Problem statement
Range to output from the entries below: the line containing "import ezdxf" through the line containing "doc.units = 0". Set it down exactly, ends included, nothing else.

Collected data entries
•••••

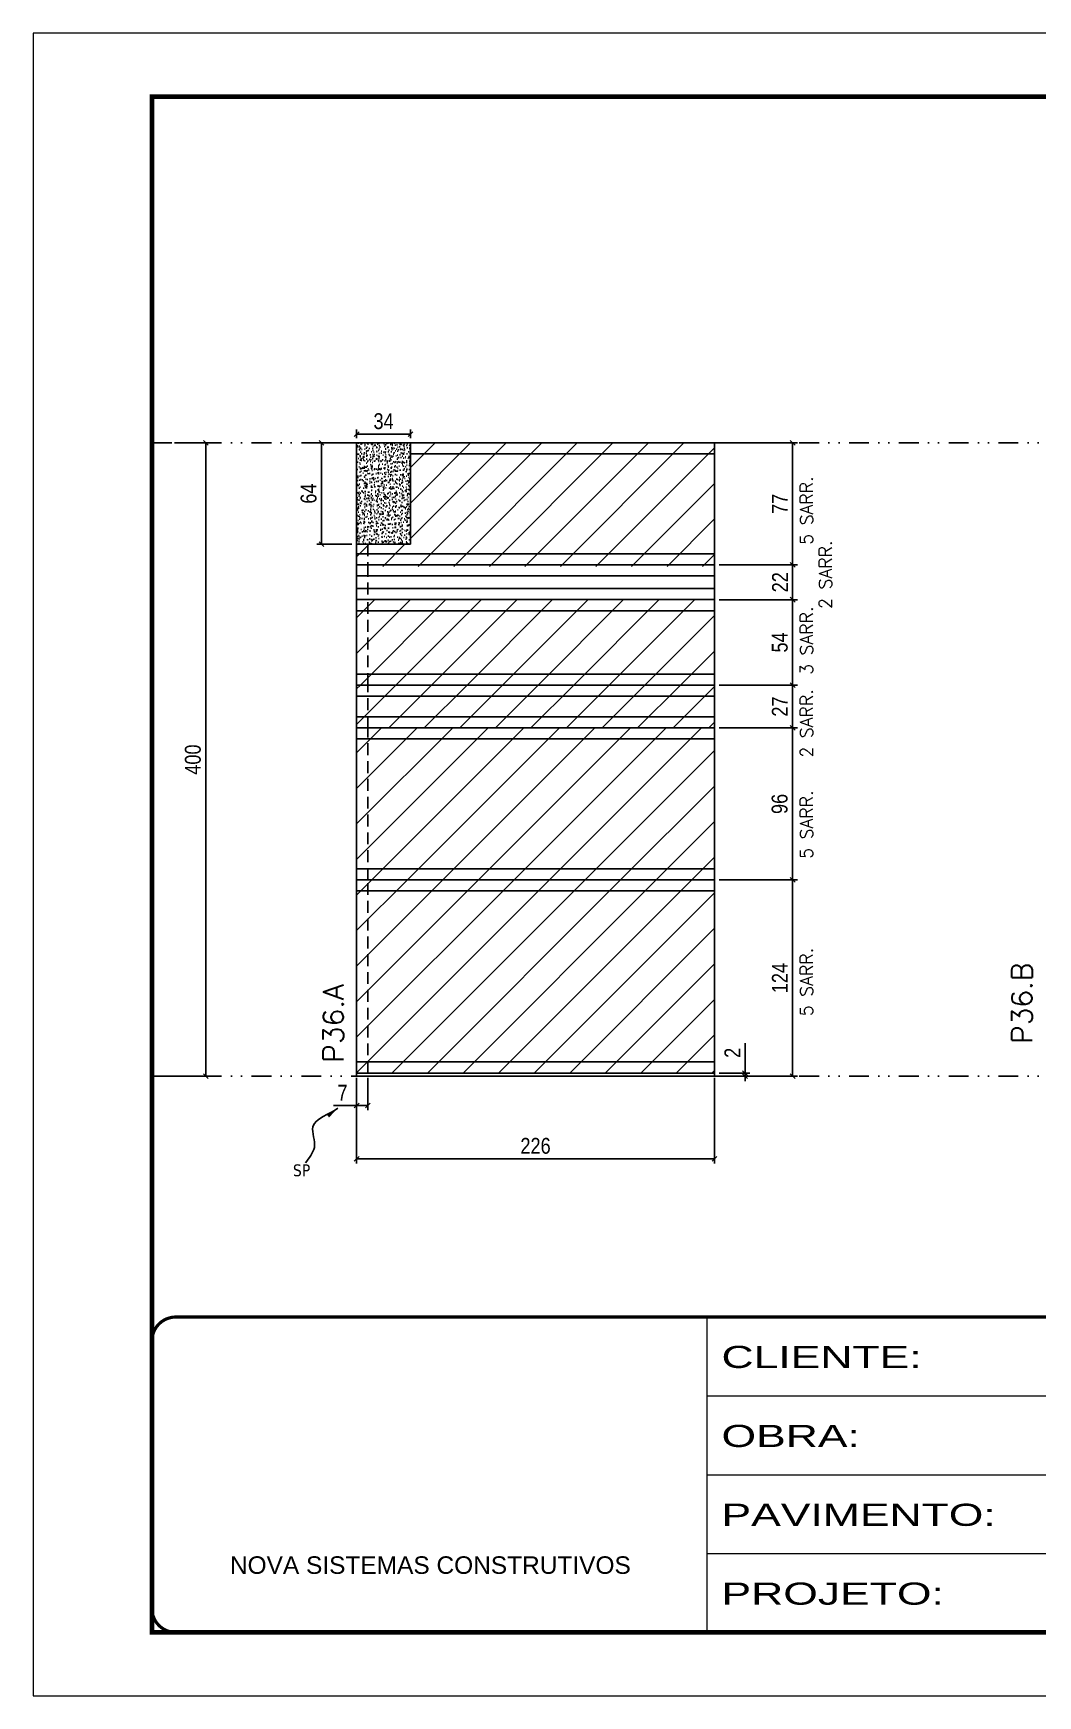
# Model space of a CAD drawing. Extents: x 28748 to 35002, y 14885 to 43501.
# Drawn here: x 28748 to 29383, y 24074 to 25124 of the extents above; entities that cross this region are included whole.
import ezdxf

# ---------------------------------------------------------------- set-up
doc = ezdxf.new("R2010")
doc.units = 0
for name, pattern in [('CONTINUO', [0]), ('DASHED', [0.75, 0.5, -0.25]), ('DIVIDE2', [0.625, 0.25, -0.125, 0, -0.125, 0, -0.125]), ('HIDDEN', [0.375, 0.25, -0.125])]:
    doc.linetypes.add(name, pattern=pattern)
for name, color, linetype in [('COTA', 241, 'Continuous'), ('Nível', 160, 'Continuous'), ('Painéis', 200, 'Continuous'), ('Romaneio', 10, 'Continuous'), ('SARR_2.2x7', 40, 'Continuous'), ('Sarrafo de Pressão', 42, 'HIDDEN'), ('texto', 7, 'Continuous')]:
    doc.layers.add(name, color=color, linetype=linetype)
for name, color, linetype, lineweight in [('Folhas', 255, 'Continuous', 9), ('Hachura', 251, 'Continuous', 9), ('SARRAFO DE PRESSAO', 251, 'DASHED', 9), ('Texto Seção', 7, 'Continuous', 15)]:
    doc.layers.add(name, color=color, linetype=linetype, lineweight=lineweight)
doc.styles.add('ARIAL', font='arial.ttf')
doc.styles.add('COTA TECNICA', font='techl___.ttf', dxfattribs={"height": 10})
doc.styles.add('COTA TECNICA-50', font='techl___.ttf', dxfattribs={"height": 10})
doc.styles.add('REGUA-120', font='ROMANS.shx', dxfattribs={"height": 15})
doc.styles.add('ROMANS', font='romans.shx')
doc.styles.get("Standard").update_dxf_attribs({"font": 'arial.ttf'})
doc.styles.add('Tecnologia', font='')
doc.styles.get('Tecnologia').set_extended_font_data('Forgotten Futurist')
doc.dimstyles.new('COTA PAINEL-50', dxfattribs={"dimtxt": 10, "dimasz": 3, "dimexe": 3, "dimexo": 3, "dimgap": 3, "dimtad": 1, "dimdec": 1, "dimzin": 12, "dimdsep": 46, "dimtxsty": 'COTA TECNICA-50', "dimblk1": 'OBLIQUE', "dimblk2": 'OBLIQUE', "dimsah": 1, "dimcen": 0.9, "dimclrd": 4, "dimclre": 4, "dimclrt": 240, "dimadec": 1, "dimazin": 3, "dimtfac": 1, "dimtdec": 1, "dimtmove": 0, "dimatfit": 3, "dimfxl": 1, "dimtolj": 1, "dimtzin": 12, "dimarcsym": 0})
doc.dimstyles.new('PAINEL', dxfattribs={"dimtxt": 10, "dimasz": 3, "dimexe": 3, "dimexo": 3, "dimgap": 3, "dimtad": 1, "dimdec": 1, "dimzin": 12, "dimdsep": 46, "dimtxsty": 'COTA TECNICA', "dimblk1": 'OBLIQUE', "dimblk2": 'OBLIQUE', "dimsah": 1, "dimcen": 0.9, "dimclrd": 4, "dimclre": 4, "dimclrt": 240, "dimadec": 1, "dimazin": 3, "dimtfac": 1, "dimtdec": 1, "dimtmove": 0, "dimatfit": 3, "dimfxl": 1, "dimtolj": 1, "dimtzin": 12, "dimarcsym": 0})
doc.dimstyles.get("Standard").update_dxf_attribs({"dimtxt": 0.18, "dimasz": 0.18, "dimexe": 0.18, "dimexo": 0.0625, "dimgap": 0.09, "dimtad": 0, "dimtih": 1, "dimtoh": 1, "dimdec": 4, "dimzin": 0, "dimdsep": 46, "dimtxsty": 'Standard', "dimcen": 0.09, "dimadec": 0, "dimazin": 0, "dimtfac": 1, "dimtdec": 4, "dimtofl": 0, "dimtmove": 0, "dimatfit": 3, "dimfxl": 1, "dimtolj": 1, "dimtzin": 0, "dimarcsym": 0})
pattern_1 = [(45, (-105043.37, -3225.212), (-11.2253202, 11.2253202), [])]

# ---------------------------------------------------------------- blocks, each defined once
blk = doc.blocks.new('9999999999')
at = {"color": 30, "linetype": 'CONTINUO'}
for p, q in [((98564.6, 34230.2), (98564.6, 34429.4)), ((98564.6, 34379.6), (99584, 34379.6)), ((98564.6, 34329.8), (99488, 34329.8)), ((98564.6, 34280), (99488, 34280))]:
    blk.add_line(p, q, dxfattribs=at)
at = {"color": 30, "linetype": 'CONTINUO', "const_width": 2}
blk.add_lwpolyline([(99584, 34230.2), (99584, 34414.4, 0.414214), (99569, 34429.4), (98229, 34429.4, 0.414214), (98214, 34414.4), (98214, 34245.2, 0.414214), (98229, 34230.2), (99584, 34230.2)], format="xyb", dxfattribs=at)
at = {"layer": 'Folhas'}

•••••

Written solution
import ezdxf

# ---------------------------------------------------------------- set-up
doc = ezdxf.new("R2010")
doc.units = 0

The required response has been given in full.